**Try it:** Which of the lines below contain the string "Boss"? Copy each one.
--- Task inputs Enclosed Below ---
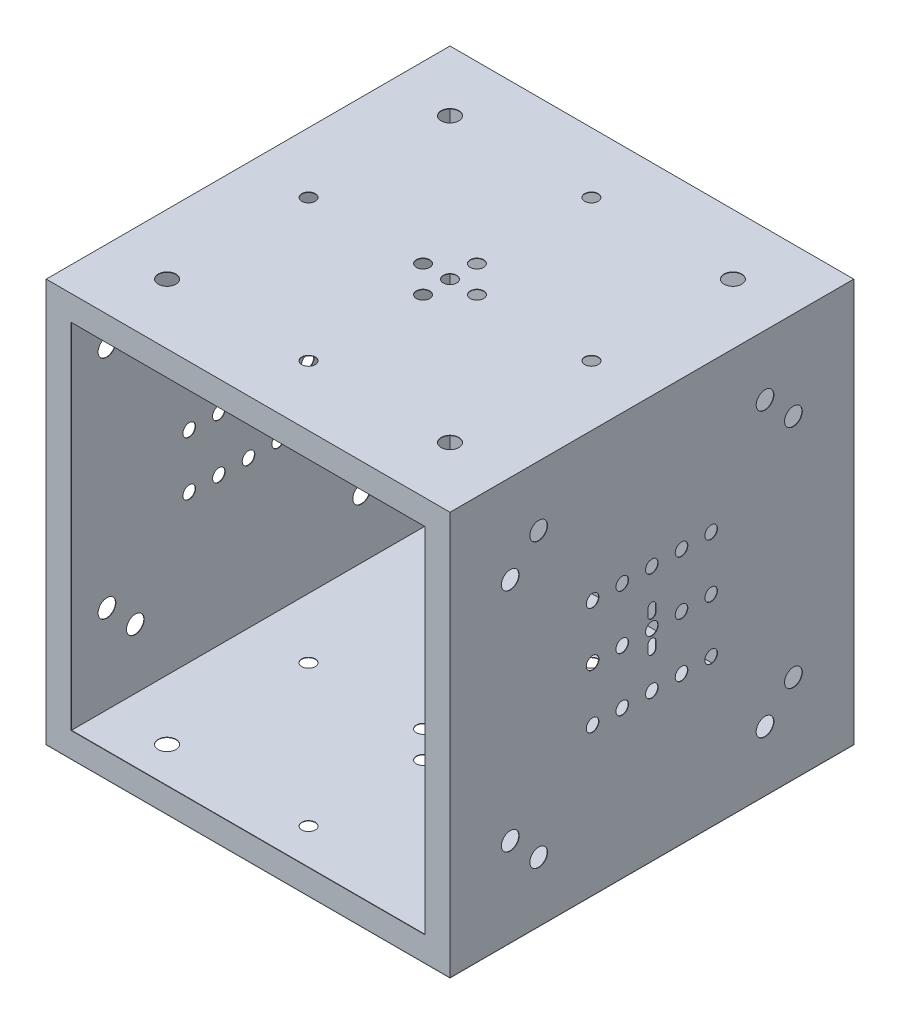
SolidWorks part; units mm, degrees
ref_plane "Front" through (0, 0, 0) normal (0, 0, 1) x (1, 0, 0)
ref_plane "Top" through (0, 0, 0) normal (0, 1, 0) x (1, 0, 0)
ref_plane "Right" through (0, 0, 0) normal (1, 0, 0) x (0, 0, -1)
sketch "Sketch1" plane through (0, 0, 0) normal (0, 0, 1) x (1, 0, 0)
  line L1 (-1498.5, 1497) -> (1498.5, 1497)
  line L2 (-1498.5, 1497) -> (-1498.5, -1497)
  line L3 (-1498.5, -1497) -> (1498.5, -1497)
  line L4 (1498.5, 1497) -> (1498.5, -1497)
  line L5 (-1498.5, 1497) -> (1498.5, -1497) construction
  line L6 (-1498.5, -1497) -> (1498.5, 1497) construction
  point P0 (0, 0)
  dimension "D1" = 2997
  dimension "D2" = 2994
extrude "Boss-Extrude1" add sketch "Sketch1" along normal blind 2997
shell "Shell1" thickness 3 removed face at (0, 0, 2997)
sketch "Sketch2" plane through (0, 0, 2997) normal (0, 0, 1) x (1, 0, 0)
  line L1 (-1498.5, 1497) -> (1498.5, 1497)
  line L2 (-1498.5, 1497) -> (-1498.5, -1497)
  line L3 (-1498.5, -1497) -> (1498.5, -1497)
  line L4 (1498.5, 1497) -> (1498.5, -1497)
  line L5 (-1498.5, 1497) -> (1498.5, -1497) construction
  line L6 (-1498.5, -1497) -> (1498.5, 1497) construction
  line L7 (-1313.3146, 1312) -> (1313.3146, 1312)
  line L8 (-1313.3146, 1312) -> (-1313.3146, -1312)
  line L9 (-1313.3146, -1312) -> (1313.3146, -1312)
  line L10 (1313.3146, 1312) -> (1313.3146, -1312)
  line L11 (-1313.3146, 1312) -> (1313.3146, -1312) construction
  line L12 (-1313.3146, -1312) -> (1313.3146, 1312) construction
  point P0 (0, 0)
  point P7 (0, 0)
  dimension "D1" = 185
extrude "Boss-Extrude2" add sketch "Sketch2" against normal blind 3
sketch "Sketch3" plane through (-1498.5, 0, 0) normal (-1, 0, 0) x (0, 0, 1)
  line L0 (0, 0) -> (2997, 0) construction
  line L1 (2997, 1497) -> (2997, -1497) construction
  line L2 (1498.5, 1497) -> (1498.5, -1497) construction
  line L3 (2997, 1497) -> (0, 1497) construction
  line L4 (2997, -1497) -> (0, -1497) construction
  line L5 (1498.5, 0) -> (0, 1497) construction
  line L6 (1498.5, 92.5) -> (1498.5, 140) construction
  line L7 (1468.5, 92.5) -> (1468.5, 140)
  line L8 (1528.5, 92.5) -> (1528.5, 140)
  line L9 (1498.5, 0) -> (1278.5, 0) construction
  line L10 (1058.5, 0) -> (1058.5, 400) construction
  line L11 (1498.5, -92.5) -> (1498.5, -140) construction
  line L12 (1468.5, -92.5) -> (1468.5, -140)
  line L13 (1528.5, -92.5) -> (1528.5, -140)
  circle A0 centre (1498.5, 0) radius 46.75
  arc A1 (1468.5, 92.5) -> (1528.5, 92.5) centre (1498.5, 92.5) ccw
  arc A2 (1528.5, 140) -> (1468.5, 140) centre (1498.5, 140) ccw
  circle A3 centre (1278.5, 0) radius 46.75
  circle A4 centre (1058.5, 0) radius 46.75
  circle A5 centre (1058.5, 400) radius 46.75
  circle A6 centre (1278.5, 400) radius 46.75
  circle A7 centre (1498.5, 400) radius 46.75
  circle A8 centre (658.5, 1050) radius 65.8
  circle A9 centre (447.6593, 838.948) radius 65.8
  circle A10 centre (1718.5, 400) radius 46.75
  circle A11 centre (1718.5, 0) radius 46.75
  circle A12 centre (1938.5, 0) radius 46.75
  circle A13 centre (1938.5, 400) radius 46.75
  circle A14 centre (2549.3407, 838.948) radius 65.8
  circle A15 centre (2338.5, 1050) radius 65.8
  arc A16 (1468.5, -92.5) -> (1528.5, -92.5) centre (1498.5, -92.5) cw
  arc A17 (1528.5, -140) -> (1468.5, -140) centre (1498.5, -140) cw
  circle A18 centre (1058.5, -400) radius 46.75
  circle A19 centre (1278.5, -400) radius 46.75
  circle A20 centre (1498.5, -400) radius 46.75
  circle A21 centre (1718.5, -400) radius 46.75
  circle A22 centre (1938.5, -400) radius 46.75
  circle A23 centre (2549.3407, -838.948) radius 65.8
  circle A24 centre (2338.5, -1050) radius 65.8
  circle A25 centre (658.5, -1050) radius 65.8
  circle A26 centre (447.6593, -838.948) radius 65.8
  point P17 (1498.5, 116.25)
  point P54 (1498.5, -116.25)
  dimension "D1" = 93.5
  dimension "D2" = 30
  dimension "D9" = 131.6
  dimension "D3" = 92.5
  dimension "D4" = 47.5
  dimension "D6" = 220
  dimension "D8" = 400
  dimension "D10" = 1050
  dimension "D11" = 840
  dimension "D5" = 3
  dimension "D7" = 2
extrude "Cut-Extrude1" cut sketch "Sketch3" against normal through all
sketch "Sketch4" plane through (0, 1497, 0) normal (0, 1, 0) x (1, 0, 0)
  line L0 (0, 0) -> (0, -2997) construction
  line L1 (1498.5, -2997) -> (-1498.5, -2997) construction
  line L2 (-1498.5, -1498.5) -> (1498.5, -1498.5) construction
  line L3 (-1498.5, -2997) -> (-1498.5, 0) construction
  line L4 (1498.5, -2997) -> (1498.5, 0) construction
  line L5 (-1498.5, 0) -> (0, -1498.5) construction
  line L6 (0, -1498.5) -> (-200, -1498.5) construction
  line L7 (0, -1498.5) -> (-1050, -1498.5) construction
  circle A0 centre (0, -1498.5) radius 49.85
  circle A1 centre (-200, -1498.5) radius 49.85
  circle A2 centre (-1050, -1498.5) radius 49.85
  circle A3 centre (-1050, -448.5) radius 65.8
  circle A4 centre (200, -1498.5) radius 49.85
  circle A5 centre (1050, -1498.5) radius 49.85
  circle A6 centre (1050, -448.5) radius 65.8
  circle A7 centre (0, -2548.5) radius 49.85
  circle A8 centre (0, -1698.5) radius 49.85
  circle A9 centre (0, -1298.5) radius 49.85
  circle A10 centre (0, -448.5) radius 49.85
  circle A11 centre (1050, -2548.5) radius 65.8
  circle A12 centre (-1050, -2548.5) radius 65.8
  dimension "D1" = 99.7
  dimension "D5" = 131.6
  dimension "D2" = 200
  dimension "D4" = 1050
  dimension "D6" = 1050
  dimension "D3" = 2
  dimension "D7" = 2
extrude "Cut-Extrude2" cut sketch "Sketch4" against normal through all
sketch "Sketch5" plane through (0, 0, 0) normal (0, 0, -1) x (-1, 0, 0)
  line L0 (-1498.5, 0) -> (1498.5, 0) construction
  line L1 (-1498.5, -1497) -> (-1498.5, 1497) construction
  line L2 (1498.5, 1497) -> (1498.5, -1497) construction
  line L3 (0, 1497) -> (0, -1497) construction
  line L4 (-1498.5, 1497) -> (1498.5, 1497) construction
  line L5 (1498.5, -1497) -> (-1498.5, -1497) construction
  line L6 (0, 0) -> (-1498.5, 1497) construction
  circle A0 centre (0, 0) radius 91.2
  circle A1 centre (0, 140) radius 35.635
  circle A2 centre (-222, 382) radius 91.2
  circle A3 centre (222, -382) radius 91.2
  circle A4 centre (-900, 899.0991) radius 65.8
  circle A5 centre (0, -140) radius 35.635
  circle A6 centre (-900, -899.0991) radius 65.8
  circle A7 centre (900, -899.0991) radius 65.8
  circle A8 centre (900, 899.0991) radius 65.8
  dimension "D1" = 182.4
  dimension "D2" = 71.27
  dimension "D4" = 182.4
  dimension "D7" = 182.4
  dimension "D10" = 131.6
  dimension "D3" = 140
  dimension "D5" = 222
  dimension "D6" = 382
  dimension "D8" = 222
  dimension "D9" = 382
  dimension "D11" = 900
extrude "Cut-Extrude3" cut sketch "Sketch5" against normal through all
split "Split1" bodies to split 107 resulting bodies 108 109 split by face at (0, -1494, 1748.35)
--- End of Enclosed Task inputs ---
**Worked solution:**
extrude "Boss-Extrude1" add sketch "Sketch1" along normal blind 2997
extrude "Boss-Extrude2" add sketch "Sketch2" against normal blind 3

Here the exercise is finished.